[Collection entries]
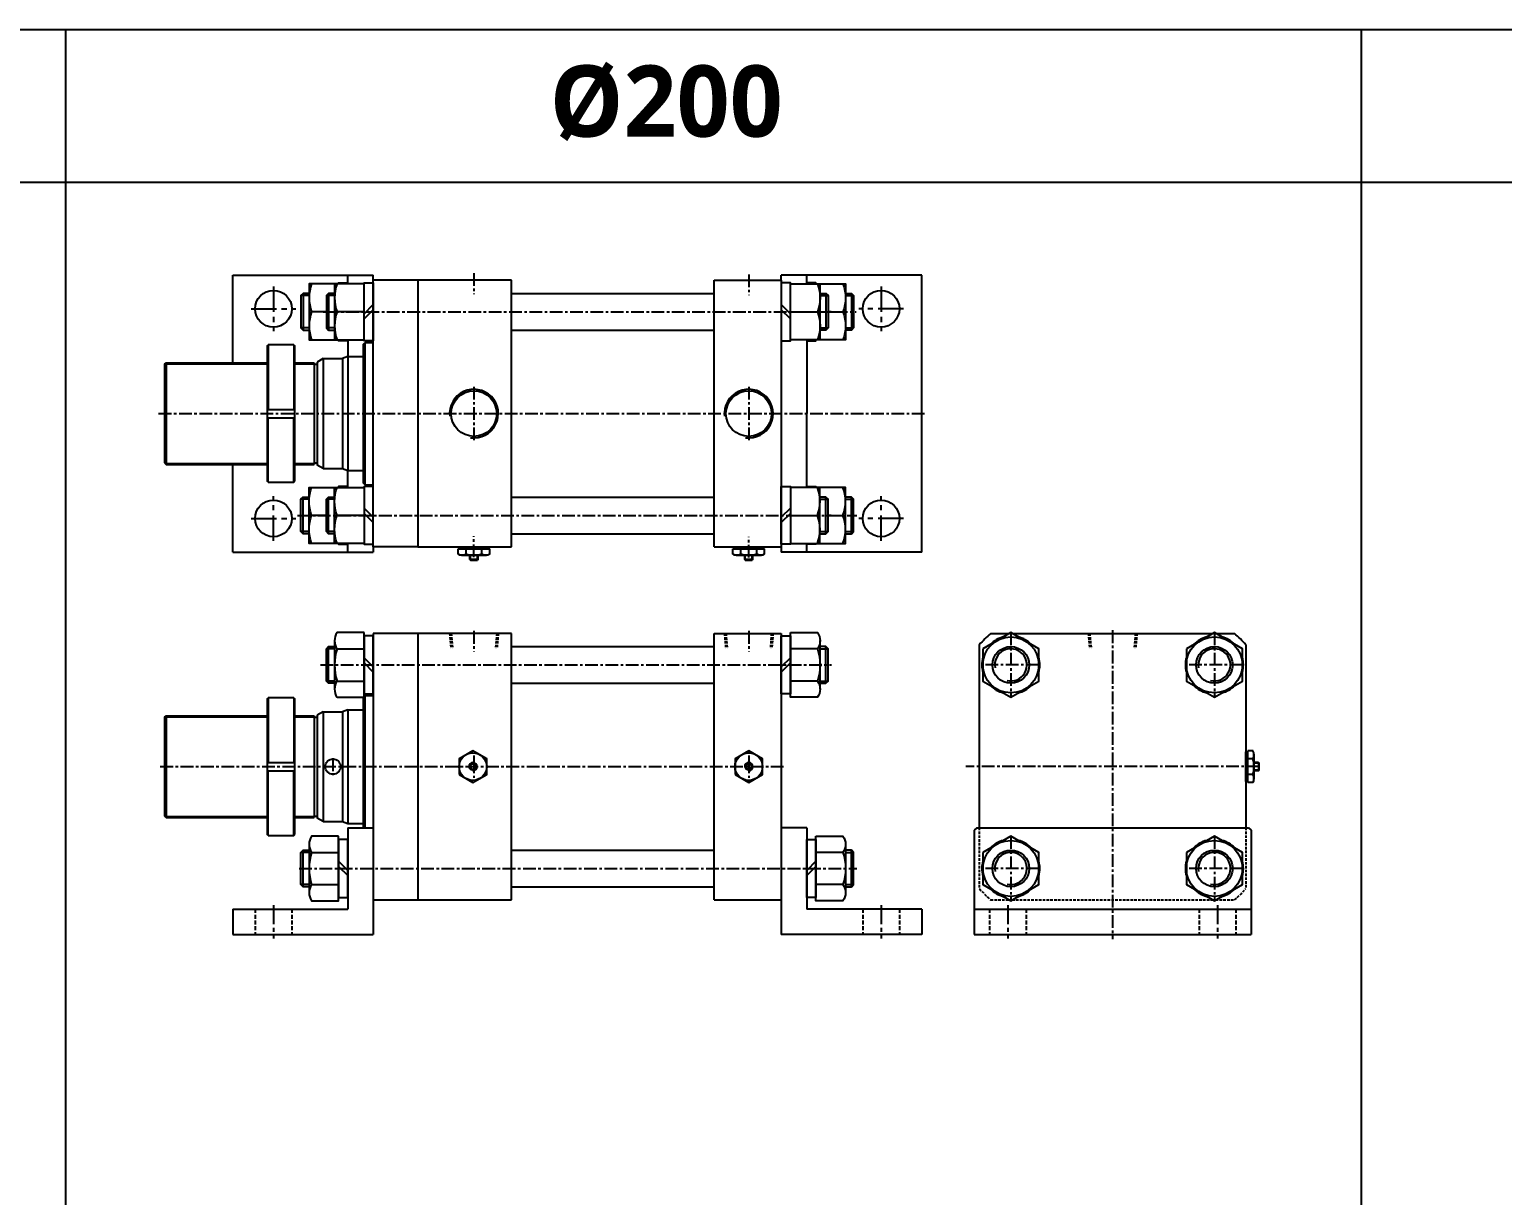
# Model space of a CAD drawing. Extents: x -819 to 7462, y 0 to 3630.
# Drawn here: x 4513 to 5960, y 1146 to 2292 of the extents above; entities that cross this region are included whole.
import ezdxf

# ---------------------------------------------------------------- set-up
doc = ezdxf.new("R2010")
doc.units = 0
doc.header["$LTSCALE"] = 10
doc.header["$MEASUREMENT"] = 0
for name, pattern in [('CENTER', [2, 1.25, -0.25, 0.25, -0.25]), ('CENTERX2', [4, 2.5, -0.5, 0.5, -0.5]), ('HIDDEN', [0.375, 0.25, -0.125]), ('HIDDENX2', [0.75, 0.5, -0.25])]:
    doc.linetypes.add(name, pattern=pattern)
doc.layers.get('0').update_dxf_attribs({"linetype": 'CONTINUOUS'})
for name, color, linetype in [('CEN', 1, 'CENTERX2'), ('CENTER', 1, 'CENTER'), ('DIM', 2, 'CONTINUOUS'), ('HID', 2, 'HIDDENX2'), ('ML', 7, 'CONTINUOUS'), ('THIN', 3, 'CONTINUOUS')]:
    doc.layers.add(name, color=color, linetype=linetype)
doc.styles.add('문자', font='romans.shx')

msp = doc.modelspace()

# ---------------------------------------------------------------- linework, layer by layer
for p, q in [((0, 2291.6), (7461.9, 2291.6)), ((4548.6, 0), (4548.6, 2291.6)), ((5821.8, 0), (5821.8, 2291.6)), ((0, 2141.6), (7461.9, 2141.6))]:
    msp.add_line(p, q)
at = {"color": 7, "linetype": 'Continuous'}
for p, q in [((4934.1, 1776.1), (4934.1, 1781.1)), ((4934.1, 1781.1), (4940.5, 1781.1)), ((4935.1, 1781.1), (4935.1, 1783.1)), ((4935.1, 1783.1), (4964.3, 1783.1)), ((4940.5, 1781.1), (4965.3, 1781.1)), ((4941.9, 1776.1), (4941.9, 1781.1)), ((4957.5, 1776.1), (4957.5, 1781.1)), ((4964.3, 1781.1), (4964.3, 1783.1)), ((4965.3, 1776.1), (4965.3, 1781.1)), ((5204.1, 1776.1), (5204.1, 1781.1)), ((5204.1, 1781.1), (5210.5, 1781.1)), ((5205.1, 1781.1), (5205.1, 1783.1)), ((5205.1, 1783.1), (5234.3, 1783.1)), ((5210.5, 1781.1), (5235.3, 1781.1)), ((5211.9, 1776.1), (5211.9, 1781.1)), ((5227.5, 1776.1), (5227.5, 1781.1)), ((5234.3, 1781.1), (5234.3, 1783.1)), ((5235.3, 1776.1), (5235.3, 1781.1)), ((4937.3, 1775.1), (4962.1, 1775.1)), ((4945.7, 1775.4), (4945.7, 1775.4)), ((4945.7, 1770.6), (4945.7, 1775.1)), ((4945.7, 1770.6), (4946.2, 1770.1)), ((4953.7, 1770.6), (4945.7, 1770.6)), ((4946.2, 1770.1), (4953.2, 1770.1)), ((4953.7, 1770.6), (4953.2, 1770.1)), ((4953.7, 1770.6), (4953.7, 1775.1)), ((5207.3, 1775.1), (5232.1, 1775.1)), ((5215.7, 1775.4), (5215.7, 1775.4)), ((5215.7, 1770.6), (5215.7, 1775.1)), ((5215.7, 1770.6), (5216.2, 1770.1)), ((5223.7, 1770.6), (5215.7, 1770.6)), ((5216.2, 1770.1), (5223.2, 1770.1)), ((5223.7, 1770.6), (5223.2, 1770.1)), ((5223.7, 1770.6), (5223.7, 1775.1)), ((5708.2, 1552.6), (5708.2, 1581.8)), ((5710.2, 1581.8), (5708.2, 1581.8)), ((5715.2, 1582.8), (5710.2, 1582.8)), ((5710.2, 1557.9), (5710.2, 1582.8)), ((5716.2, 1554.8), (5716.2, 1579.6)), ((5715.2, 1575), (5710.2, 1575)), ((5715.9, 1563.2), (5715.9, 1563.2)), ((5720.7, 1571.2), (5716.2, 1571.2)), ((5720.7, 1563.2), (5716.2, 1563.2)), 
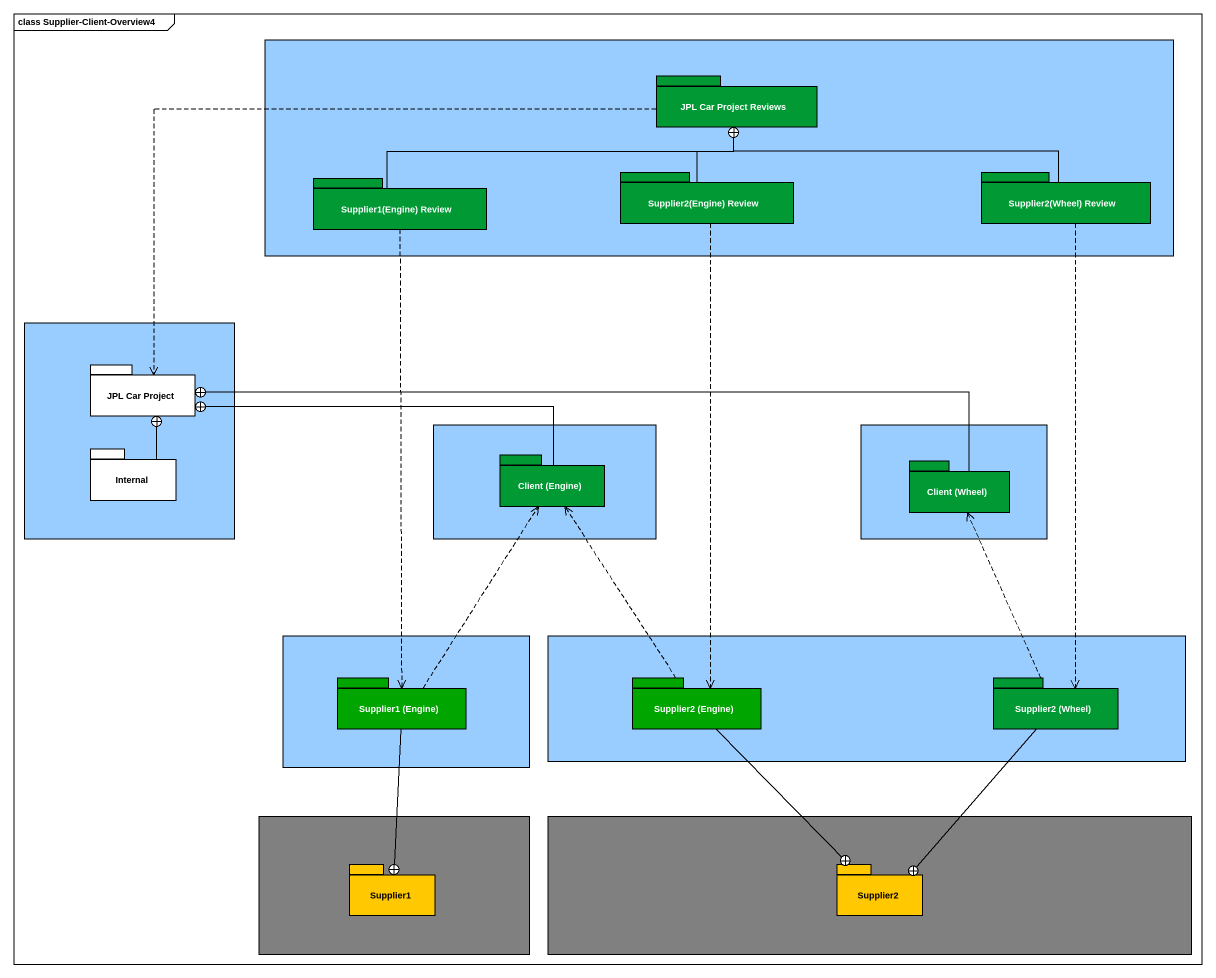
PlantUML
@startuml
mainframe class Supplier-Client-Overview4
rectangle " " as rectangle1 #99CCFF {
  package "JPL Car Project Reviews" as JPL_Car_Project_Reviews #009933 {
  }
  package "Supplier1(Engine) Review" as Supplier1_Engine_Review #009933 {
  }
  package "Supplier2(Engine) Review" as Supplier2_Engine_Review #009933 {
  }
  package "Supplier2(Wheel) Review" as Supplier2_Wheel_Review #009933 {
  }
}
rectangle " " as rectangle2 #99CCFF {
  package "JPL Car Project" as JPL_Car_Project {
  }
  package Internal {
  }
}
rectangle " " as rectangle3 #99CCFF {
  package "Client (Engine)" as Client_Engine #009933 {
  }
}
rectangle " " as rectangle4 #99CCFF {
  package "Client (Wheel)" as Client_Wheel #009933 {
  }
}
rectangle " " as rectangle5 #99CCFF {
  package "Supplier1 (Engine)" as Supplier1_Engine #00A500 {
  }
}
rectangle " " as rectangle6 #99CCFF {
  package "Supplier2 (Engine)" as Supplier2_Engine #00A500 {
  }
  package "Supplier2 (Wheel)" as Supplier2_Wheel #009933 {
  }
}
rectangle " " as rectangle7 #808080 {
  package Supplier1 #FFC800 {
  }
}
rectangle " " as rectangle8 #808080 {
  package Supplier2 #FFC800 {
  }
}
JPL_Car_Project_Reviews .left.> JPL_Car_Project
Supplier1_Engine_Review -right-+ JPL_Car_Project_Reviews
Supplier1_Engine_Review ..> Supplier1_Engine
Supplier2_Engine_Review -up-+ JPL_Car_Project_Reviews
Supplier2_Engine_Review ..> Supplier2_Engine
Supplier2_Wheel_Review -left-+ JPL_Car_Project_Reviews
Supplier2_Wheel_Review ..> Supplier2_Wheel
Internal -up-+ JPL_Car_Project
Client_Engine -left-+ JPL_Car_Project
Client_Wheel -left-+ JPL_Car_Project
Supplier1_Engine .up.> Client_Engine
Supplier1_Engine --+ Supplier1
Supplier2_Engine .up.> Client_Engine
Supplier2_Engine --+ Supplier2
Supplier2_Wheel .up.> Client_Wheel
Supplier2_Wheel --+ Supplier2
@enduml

**WORK ITEM**: Among the lines above, which hold the word "layers"? Report each one.

**SOLUTION FOR THIS PROBLEM**:
doc.layers.get('0').update_dxf_attribs({"linetype": 'CONTINUOUS'})
    doc.layers.add(name, color=color, linetype=linetype)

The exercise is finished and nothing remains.